**Data:**
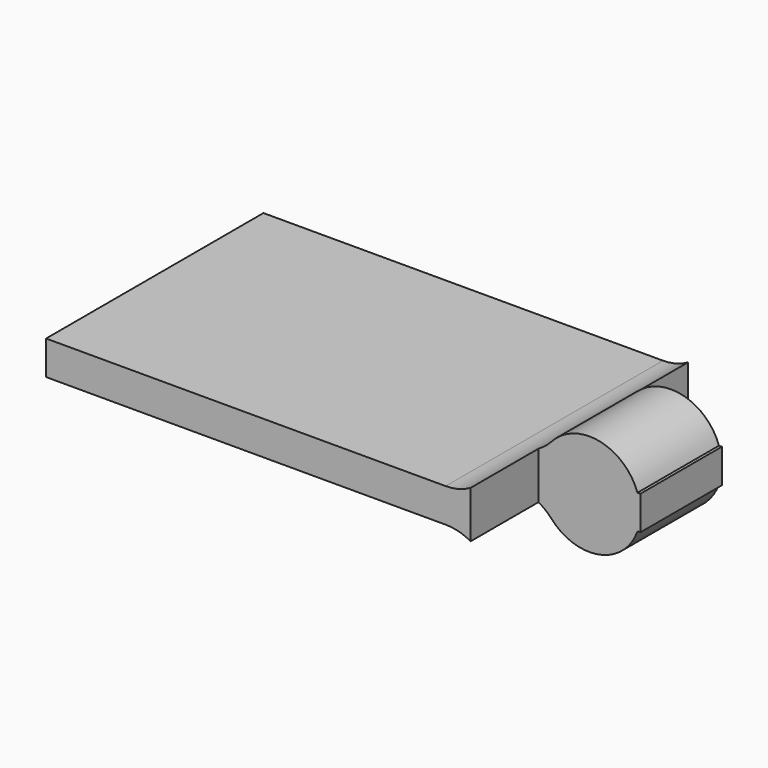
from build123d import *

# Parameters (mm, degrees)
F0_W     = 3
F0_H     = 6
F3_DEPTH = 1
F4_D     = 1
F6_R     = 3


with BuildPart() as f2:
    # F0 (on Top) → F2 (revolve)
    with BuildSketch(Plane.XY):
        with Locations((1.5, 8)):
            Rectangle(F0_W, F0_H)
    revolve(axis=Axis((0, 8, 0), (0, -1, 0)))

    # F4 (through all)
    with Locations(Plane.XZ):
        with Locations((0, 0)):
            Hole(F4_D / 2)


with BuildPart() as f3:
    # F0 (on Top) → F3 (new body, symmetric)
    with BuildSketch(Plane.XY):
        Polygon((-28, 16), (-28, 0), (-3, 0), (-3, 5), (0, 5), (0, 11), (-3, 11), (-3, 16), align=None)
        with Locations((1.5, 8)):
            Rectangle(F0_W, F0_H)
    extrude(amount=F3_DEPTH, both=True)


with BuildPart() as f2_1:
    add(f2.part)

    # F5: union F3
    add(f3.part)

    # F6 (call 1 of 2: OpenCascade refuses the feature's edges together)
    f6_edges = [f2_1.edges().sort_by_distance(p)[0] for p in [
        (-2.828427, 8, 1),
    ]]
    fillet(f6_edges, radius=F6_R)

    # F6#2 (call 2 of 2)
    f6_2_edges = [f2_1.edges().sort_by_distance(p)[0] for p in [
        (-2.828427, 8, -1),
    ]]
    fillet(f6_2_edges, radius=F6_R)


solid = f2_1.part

**To do:**
Print every entry above again without changing a word, and omit the pictures.

**Output for this exercise:**
from build123d import *

# Parameters (mm, degrees)
F0_W     = 3
F0_H     = 6
F3_DEPTH = 1
F4_D     = 1
F6_R     = 3


with BuildPart() as f2:
    # F0 (on Top) → F2 (revolve)
    with BuildSketch(Plane.XY):
        with Locations((1.5, 8)):
            Rectangle(F0_W, F0_H)
    revolve(axis=Axis((0, 8, 0), (0, -1, 0)))

    # F4 (through all)
    with Locations(Plane.XZ):
        with Locations((0, 0)):
            Hole(F4_D / 2)


with BuildPart() as f3:
    # F0 (on Top) → F3 (new body, symmetric)
    with BuildSketch(Plane.XY):
        Polygon((-28, 16), (-28, 0), (-3, 0), (-3, 5), (0, 5), (0, 11), (-3, 11), (-3, 16), align=None)
        with Locations((1.5, 8)):
            Rectangle(F0_W, F0_H)
    extrude(amount=F3_DEPTH, both=True)


with BuildPart() as f2_1:
    add(f2.part)

    # F5: union F3
    add(f3.part)

    # F6 (call 1 of 2: OpenCascade refuses the feature's edges together)
    f6_edges = [f2_1.edges().sort_by_distance(p)[0] for p in [
        (-2.828427, 8, 1),
    ]]
    fillet(f6_edges, radius=F6_R)

    # F6#2 (call 2 of 2)
    f6_2_edges = [f2_1.edges().sort_by_distance(p)[0] for p in [
        (-2.828427, 8, -1),
    ]]
    fillet(f6_2_edges, radius=F6_R)


solid = f2_1.part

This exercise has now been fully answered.